I'll have to read through the rest of what you have after I get a few beers in me, I'm terrible at this sober. Hopefully you can figure 'er out or someone else will help between now and then

----------

## Jonathan_Casey

hehe, i was just thinking the same thing. Will have a few drinks once i've finished cooking my dinner  :Smile: 

----------

## Hu

 *cach0rr0 wrote:*   

> you have no prerouting rules set up that i can see.

 That is because someone told him to use the inferior method of iptables --list, which does not show rules in non-default tables.  :Wink:   Fortunately, a later post shows the saved rules, which is much more useful.

OP: posting the rules file could be considered bad if you value keeping details of your network secret, specifically either your public IP address or your firewall rules.  We need to see at least a basic version of it to help you, though.  Could you describe your general network topology?  Specifically, how is it that a Gentoo machine running as a guest under Windows XP is important to your network connectivity?  As a related point, what are you doing running Gentoo under Windows XP instead of the other way around?  What protocols and ports do you need forwarded to make the game work?  You said the game claims it cannot connect.  What part of the game fails?  Are you able to enter chat, but not play games?  Are you unable to enter chat at all?

----------

## Jonathan_Casey

Sorry, was just getting my dinner.

The game cannot connect at all to Battle.net, it fails almost instantly saying I should check my modem etc. 
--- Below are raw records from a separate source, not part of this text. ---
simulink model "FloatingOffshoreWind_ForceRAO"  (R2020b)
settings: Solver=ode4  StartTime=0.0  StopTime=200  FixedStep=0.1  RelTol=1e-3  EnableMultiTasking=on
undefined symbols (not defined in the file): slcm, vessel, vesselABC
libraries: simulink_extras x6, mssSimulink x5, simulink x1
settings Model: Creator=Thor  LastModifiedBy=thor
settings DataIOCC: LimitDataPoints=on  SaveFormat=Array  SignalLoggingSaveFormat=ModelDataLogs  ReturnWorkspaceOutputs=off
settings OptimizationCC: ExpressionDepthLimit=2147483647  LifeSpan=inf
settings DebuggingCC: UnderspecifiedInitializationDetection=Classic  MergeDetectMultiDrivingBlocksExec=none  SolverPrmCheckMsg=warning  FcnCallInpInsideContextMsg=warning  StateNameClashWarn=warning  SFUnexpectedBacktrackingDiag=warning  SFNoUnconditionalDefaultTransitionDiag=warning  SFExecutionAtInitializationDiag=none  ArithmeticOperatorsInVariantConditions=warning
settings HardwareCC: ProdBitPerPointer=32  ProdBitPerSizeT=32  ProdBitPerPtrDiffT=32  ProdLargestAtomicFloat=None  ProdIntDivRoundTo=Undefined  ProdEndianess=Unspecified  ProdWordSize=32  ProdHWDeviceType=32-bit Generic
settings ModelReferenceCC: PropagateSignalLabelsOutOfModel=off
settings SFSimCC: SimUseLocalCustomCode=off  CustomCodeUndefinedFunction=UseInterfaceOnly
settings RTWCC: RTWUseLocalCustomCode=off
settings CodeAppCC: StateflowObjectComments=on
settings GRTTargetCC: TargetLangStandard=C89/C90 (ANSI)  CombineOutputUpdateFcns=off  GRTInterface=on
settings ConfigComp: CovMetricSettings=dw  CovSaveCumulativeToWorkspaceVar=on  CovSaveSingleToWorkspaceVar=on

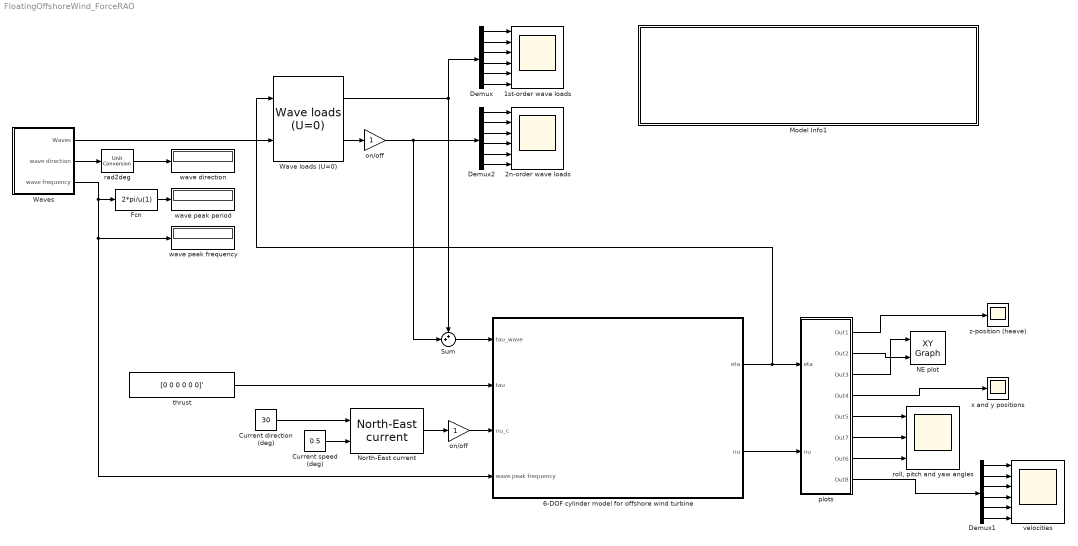
== system FloatingOffshoreWind_ForceRAO ==
  "1st-order wave loads " : Scope  NumInputPorts=6
  2n-order wave loads : Scope  NumInputPorts=6
  6-DOF cylinder model for offshore wind turbine : Subsystem  mask(6 DOF zero speed model){}
      mask help: System block containing the zero speed 6 DOF equations of motion.
      mask init:
      | load cylinder;
      | load cylinderABC;
      | ABC = vesselABC;
      mask Display: image('windturbine.jpg'); % Use "Edit Image" on toolstrip to change.
  Current direction (deg) : Constant  Value=30
  Current speed (deg) : Constant  Value=0.5
  Demux : Demux  Outputs=6
      settings: DisplayOption=none
  Demux1 : Demux  Outputs=6
      settings: DisplayOption=none
  Demux2 : Demux  Outputs=6
      settings: DisplayOption=none
  Fcn : Fcn  Expr=2*pi/u(1)
  Model Info1 : Subsystem  LoadFcn=slcm LoadBlock;  InitFcn=slcm('UpdateAllCMBlocksInThisModelInit')  mask(CMBlock){InitialSaveTempField=, InitialBlockCM=None, BlockCM=None, Frame=on, SaveTempField=, DisplayStringWithTags=|, MaskDisplayString=Offshore wind turbine modelled as a cylinder (D = 10.0 and T = 100.0 m) in WAMIT. \nThe wave-induced motions are computed using force RAOs. \n\nThe vessel simulator for stationkeeping in 6 DOFs is based on frequency-dependent hydrodynamic data. \nThe wave loads are computed using WAMIT data that are postprocessed by:\n\n>> vessel = wamit2vessel ('cylinder',100,10,10) generates the data structure 'vessel'\n\nThe data files are automatically loaded to the workspace before starting the simulation.\n\nAuthor: Thor I. Fossen\nTue Mar 09 08:00:28 2021, HorizontalTextAlignment=Left, LeftAlignmentValue=0.02, SourceBlockDiagram=DP_MotionRAO, TagMaxNumber=20, CMTag1=, CMTag2=, CMTag3=, CMTag4=, CMTag5=, CMTag6=, CMTag7=, CMTag8=, CMTag9=, CMTag10=, CMTag11=, CMTag12=, CMTag13=, CMTag14=, CMTag15=, CMTag16=, CMTag17=, CMTag18=, CMTag19=, CMTag20=}
      mask DisplayStringWithTags=|
      | Offshore wind turbine modelled as a cylinder (D = 10.0 and T = 100.0 m) in WAMIT.
      | The wave-induced motions are computed using force RAOs.
      |
      | The vessel simulator for stationkeeping in 6 DOFs is based on frequency-dependent hydrodynamic data.
      | The wave loads are computed using WAMIT data that are postprocessed by:
      |
      | >> vessel = wamit2vessel ('cylinder',100,10,10) generates the data structure 'vessel'
      |
      | The data files are automatically loaded to the workspace before starting the simulation.
      |
      | Author: Thor I. Fossen
      | %<LastModificationDate>
      mask help: This block allows revision control information to be displayed within the model.
      settings: CopyFcn=slcm CopyBlock;  DeleteFcn=slcm Cancel;  PostSaveFcn=slcm('UpdateAllCMBlocksInThisModel')  NameChangeFcn=slcm Rename;  OpenFcn=slcm
      mask Display: text(str2num(LeftAlignmentValue), 0.5, MaskDisplayString, 'HorizontalAlignment', HorizontalTextAlignment)
  NE plot : simulink/Sinks/XY Graph  xmin=-50  xmax=50  ymin=-50  ymax=50  st=-1
  "North-East current " : mssSimulink/Environment/Current/North-East current  SystemSampleTime=-1  VariantActivationTime=update diagram  Latency=0  AutoFrameSizeCalculation=off
  Sum : Sum  Inputs=++|
  "Wave loads (U=0) " : mssSimulink/Hydrodynamics/Wave loads (U=0)  SystemSampleTime=-1  VariantActivationTime=update diagram  Latency=0  AutoFrameSizeCalculation=off
  Waves : Subsystem  mask(Waves){spectrum_type=Jonswap, disp_flag=off, plot_spectrum=off, plot_realization=off, hs=5, omega_peak=2*pi/8, psi_mean=30*pi/180, gamma=3.3, spread=2, depth=inf, nfreq=20, ndir=10, energylim=0.005, freq_cutoff=3, dir_cutoff=0, rand_seed=0, rand_freq=on, rand_dir=on, Zeta_a=0, Omega=0, Phase=0, Wavenum=0, Psi=0}
      mask prompts: spectrum_type "Spectrum type"; disp_flag "Display initialization info in workspace window"; plot_spectrum "Plot spectrum"; plot_realization "Plot sea state realization (time-consuming)"; hs "Significant wave height Hs (m)"; omega_peak "Peak frequency omega_0 (rad/s)"; psi_mean "Mean wave direction (rad)"; gamma "Spectrum peakedness factor [1,7], 3.3 default, 0 for using DNV value"; spread "Wave spreading factor (1,2,3,4,5)"; depth "Average water depth (m), use inf for deep water"; nfreq "Number of frequencies in grid (recommended > 20)"; ndir "Number of directions in grid, 1 for long-crested waves"; energylim "Wave component energy limit [0 1] or number of waves (e.g. 50)"; freq_cutoff "Frequency cutoff factor [1.5, 5], default 3"; dir_cutoff "Direction cutoff [0, 3pi/8], default 0"; rand_seed "Random seed"; rand_freq "Random frequencies"; rand_dir "Random directions"; Zeta_a "Amplitude vector 'Zeta_a' (m)"; Omega "Frequency vector 'Omega' (rad/s)"; Phase "Phase vector 'Phase' (rad)"; Wavenum "Wavenumber vector 'Wavenum' (1/m)"; Psi "Direction vector 'Psi'  (rad)"
      mask help:
      | Calculate harmonic wave component parameters from a wave spectrum.
      | - Input one wave direction in the mask to get long-crested waves.
      | - Input zero peak frequency to get an expectation value from north sea statistical data.
      | - Input an integer > 1 for energylim to set the number of wave components fixed to nwaves = energylim.
      |
      | Copyright (C) 2004 NTNU
      | Author: Oyvind Notland Smogeli
      mask init:
      | if spectrum_type < 4
      | 	[Zeta_a, Omega, Phase, Wavenum, Psi] = Wave_init(spectrum_type, hs, omega_peak, psi_mean,...
      | 	gamma, spread, depth, nfreq, ndir, energylim, freq_cutoff, dir_cutoff, rand_freq, rand_dir,...
      | 	rand_seed, plot_spectrum, plot_realization, disp_flag);
      | end
      mask Help:
      | <font face="Arial">
      | <b>Project:</b> Marine Systems Simulator: MSS<br>
      | <br>
      | Define harmonic wave components describing the sea state by extracting
      | components from a given frequency and direction spectrum. The output from the
      | block is a bus containing the following wave parameter vectors:</font></p>
      | <p><font face="Arial"><b>Zeta_a</b>: Vector of harmonic wave amplitudes [m]<br>
      | <b>Omega: </b>Vector of harmonic wave frequencies [rad/s]<br>
      | <b>Phase: </b>Vector of harmonic wave phases (random) [rad]<br>
      | <b>Wavenum:</b> Vector of harmonic wave numbers [1/m]<br>
      | <b>Psi: </b>Vector of harmonic wave directions [rad]</font></p>
      | <p><font face="Arial">The time series of sea surface elevation Zeta(x,y,t) can
      | be obtained as</font></p>
      | <p><font face="Arial">Zeta(x,y,t) = Sum( Zeta_a(i)*cos(Omega(i)*t + Phase(i) - Wavenum(i)*(x*cos(Psi(i))
      | + y*sin(Psi(i)))) )</font></p>
      | <p><font face="Arial">where the sum is taken from i = 1 to i = n and n is the number of harmonic
      | wave components.</font></p>
      | <p>&nbsp;</p>
      | <p><font face="Arial">Input one wave direction to get long-crested waves.<br>
      | <br>
      | If the peak frequency is set to zero, then the peak frequency is obtained from
      | the sugnificant wave height usign a formula for the North Sea (Norsok):</font></p>
      | <p><font face="Arial">w0 = 2*pi/(4.883 + 2.68*Hs^0.54);</font></p>
      | 
      | <p>&nbsp;</p>
      | <p><font face="Arial">The energy limit (energylim) should be defined either as a positive factor
      | between 0 and 1, or as a positive integer. In the first case it will
      | discard all wave components with energy content less than this ratio of the
      | total energy content of the sea state. A recommended value is 0.005 or lower. In
      | the second case it will keep the nwaves = energylim most significant waves.</font></p>
      | <p>&nbsp;</p>
      | <p><font face="Arial">The wave elevation Zeta(x,y,t) at time t and at the coordinate (x,y) is found from the output vectors as:</font></p>
      | <p>&nbsp;</p>
      | <p><font face="Arial" color="#800000">References</font><ul>
      |   <li><font face="Arial">Sørensen, A.J. (2005) Lecture notes of TMR4240 &quot;Marine Cybernetics - Modelling and Control&quot;</font>
      |   <font face="Arial">Dept of Marine Technology NTNU.</font></li>
      |   <li><font face="Arial">Johannessen, K., T. S. Meling, S. Haver. Joint
      |   Distribution for Wind and<br>
      |   Waves in the Northern North Sea. IJOPE Vol. 12, No. 1, March 2002</font></li>
      |   <li>&nbsp;</li>
      |   </ul>
      | <p><font face="Arial">Johannessen, K., T. S. Meling, S. Haver. Joint
      | Distribution for Wind and<br>
      | Waves in the Northern North Sea. IJOPE Vol. 12, No. 1, March 2002</font><p>&nbsp;<p>
      |   <font face="Arial"><b>Author:</b> Øyvind Smogeli, September 2004 </font>
      | <p>&nbsp;</p>
      | <p>&nbsp;</p>
      mask TypeOptions spectrum_type: ITTC | Jonswap | Torsethaugen | Predefined waves
      mask Callback spectrum_type: Wave_callback;
  on/off : Gain
  "on/off " : Gain
  plots : Subsystem
      mask Display: disp('time-series')
  rad2deg : mssSimulink/Utilities/Math Operations/Unit Conversion  in=rad2deg
  "roll, pitch and yaw angles" : Scope  NumInputPorts=3
  thrust : Constant  Value=[0 0 0 0 0 0]'
  velocities : Scope  NumInputPorts=6
  wave direction : Display
  wave peak frequency : Display
  wave peak period : Display
  x and y positions : Scope
  z-position (heave) : Scope
  wires:
  plots/3(Out3) -> NE plot/1
  plots/2(Out2) -> NE plot/2
  plots/4(Out4) -> x and y positions/1
  plots/5(Out5) -> "roll, pitch and yaw angles"/1
  plots/6(Out7) -> "roll, pitch and yaw angles"/2
  plots/7(Out6) -> "roll, pitch and yaw angles"/3
  plots/1(Out1) -> z-position (heave)/1
  Demux1/1 -> velocities/1
  Demux1/2 -> velocities/2
  Demux1/3 -> velocities/3
  Demux1/4 -> velocities/4
  Demux1/5 -> velocities/5
  Demux1/6 -> velocities/6
  plots/8(Out8) -> Demux1/1
  6-DOF cylinder model for offshore wind turbine/1(eta) -> "Wave loads (U=0) "/1, plots/1(eta)
  6-DOF cylinder model for offshore wind turbine/2(nu) -> plots/2(nu)
  Demux/1 -> "1st-order wave loads "/1
  Demux/2 -> "1st-order wave loads "/2
  Demux/3 -> "1st-order wave loads "/3
  Demux/4 -> "1st-order wave loads "/4
  Demux/5 -> "1st-order wave loads "/5
  Demux/6 -> "1st-order wave loads "/6
  "Wave loads (U=0) "/2 -> on/off/1
  Waves/1(Waves) -> "Wave loads (U=0) "/2
  Waves/2(wave direction) -> rad2deg/1
  rad2deg/1 -> wave direction/1
  Demux2/1 -> 2n-order wave loads/1
  Demux2/2 -> 2n-order wave loads/2
  Demux2/3 -> 2n-order wave loads/3
  Demux2/4 -> 2n-order wave loads/4
  Demux2/5 -> 2n-order wave loads/5
  Demux2/6 -> 2n-order wave loads/6
  "Wave loads (U=0) "/1 -> Sum/1, Demux/1
  on/off/1 -> Demux2/1, Sum/2
  thrust/1 -> 6-DOF cylinder model for offshore wind turbine/2(tau)
  "North-East current "/1 -> "on/off "/1
  "on/off "/1 -> 6-DOF cylinder model for offshore wind turbine/3(nu_c)
  Current speed (deg)/1 -> "North-East current "/2
  Current direction (deg)/1 -> "North-East current "/1
  Sum/1 -> 6-DOF cylinder model for offshore wind turbine/1(tau_wave)
  Waves/3(wave frequency) -> Fcn/1, 6-DOF cylinder model for offshore wind turbine/4(wave peak frequency), wave peak frequency/1
  Fcn/1 -> wave peak period/1

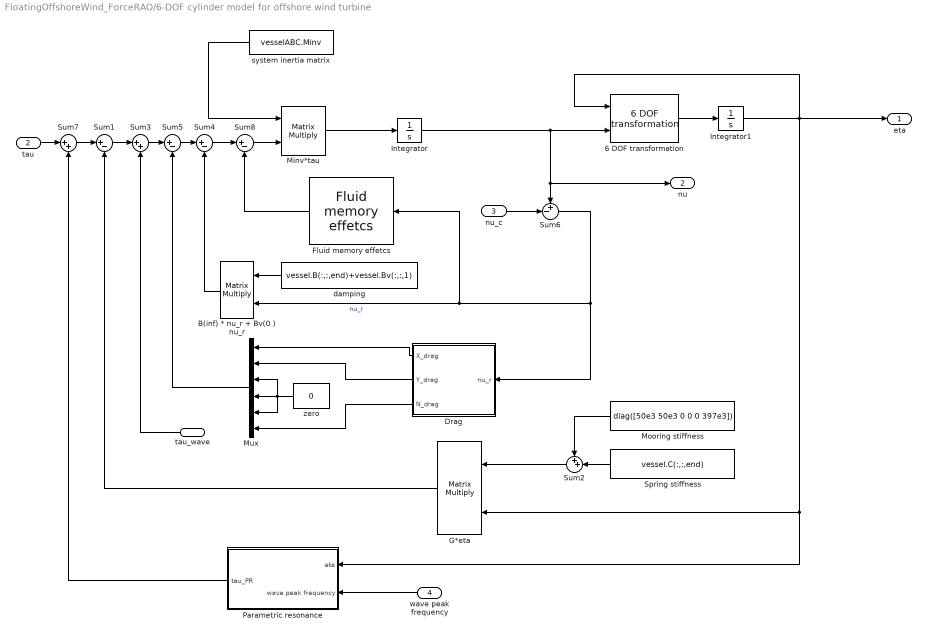
== system FloatingOffshoreWind_ForceRAO/6-DOF cylinder model for offshore wind turbine ==
  tau_wave : Inport
  tau : Inport  Port=2
  nu_c : Inport  Port=3
  wave peak frequency : Inport  Port=4
  "6 DOF transformation " : mssSimulink/Modelling/Kinematics/6 DOF transformation  SystemSampleTime=-1  VariantActivationTime=update diagram  Latency=0  AutoFrameSizeCalculation=off
  "B(inf) * nu_r + Bv(0 ) nu_r " : Product  Multiplication=Matrix(*)  SaturateOnIntegerOverflow=on  OutDataTypeStr=Inherit: Same as first input
  Drag : Subsystem  TreatAsAtomicUnit=on
  Fluid memory effetcs : mssSimulink/Hydrodynamics/Fluid memory effetcs  SystemSampleTime=-1  VariantActivationTime=update diagram  Latency=0  AutoFrameSizeCalculation=off
  G*eta : Product  Multiplication=Matrix(*)  SaturateOnIntegerOverflow=on  OutDataTypeStr=Inherit: Same as first input
  Integrator : Integrator  InitialCondition=[0.001 0.001 0.001 0.001 0.001 0.001]
  Integrator1 : Integrator
  Minv*tau : Product  Inputs=**  Multiplication=Matrix(*)  SaturateOnIntegerOverflow=on  OutDataTypeStr=Inherit: Same as first input
  Mooring stiffness : Constant  Value=diag([50e3 50e3 0 0 0 397e3])
  Mux : Mux  Inputs=6
  Parametric resonance : Subsystem
  Spring stiffness : Constant  Value=vessel.C(:,:,end)
  Sum{1,4..5,8} (4 alike) : Sum  Inputs=|+-  SaturateOnIntegerOverflow=on
  Sum2 : Sum  Inputs=++|  SaturateOnIntegerOverflow=on
  Sum3 : Sum  Inputs=|++  SaturateOnIntegerOverflow=on
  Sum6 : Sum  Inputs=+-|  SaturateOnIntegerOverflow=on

http://imagebin.ca/view/m6owgdG1.html

As for Gentoo on XP, It did used to be the other way round, but I suggested we switched it round as the "Server" machine is the only pc in our house we have on all the time and it made sense to use that as our media center too. As Gentoo doesn't require much processing power, windows is my prefered choice for my home cinema and having the gentoo server as a VM allows us to have a 'backup' gentoo server ready on any other xp machine in the house with relative ease. 

From what I gather, we have a modem which plugs via ethernet into our hub (nothing facy, just a simple 16 port 1Gbit/s hub), which inturn connects to all our computers. The server is just like any other in the house except it has the virtual machine running with gentoo which (and this is where I get lost) magically claims the rights to the internet and apoints its self the ruler of it all and controls who/how all the other computers in our house can access the internet. I've asked my brother to explain how he made all that work but he's never really cared to. I can get some vauge idea but not a very difinitive one.

If the gentoo VM is shut down all our internet dies and unless the VM is started again (on any pc in the house) we will have no internet. I'm guessing my brother has setup the modem to only communicate with the virtual machine... no idea how it determines which one tho... :/

note - I did once try running the VM on 2 machines just to see what would happen... nothing much really, the internet worked. Didn't get round to working out which vm was calling the shots though...

I need port 4000 and 6112, both with TCP to my desktop (10.0.0.67). 

Did that answer all your Q's?  :Smile: 

btw, my brother did at some point setup the VM so our xbox can also connect to xbox live... that still works but I couldn't seem to find anywhere in all those print-outs anything refering to that... :/

there should also be some other rules in there allowing the outside to VNC into a few of our machines etc.

----------

## Jonathan_Casey

Ok, i thought of trying a different realm to Europe and the others work to the point where I can atleast connect to the chat. I see another person on there and it says there are 100,000 people online but if i try to connect to a game or host one my self it says it failed to connect. I tried talking in the chat but it says "no one can here you."...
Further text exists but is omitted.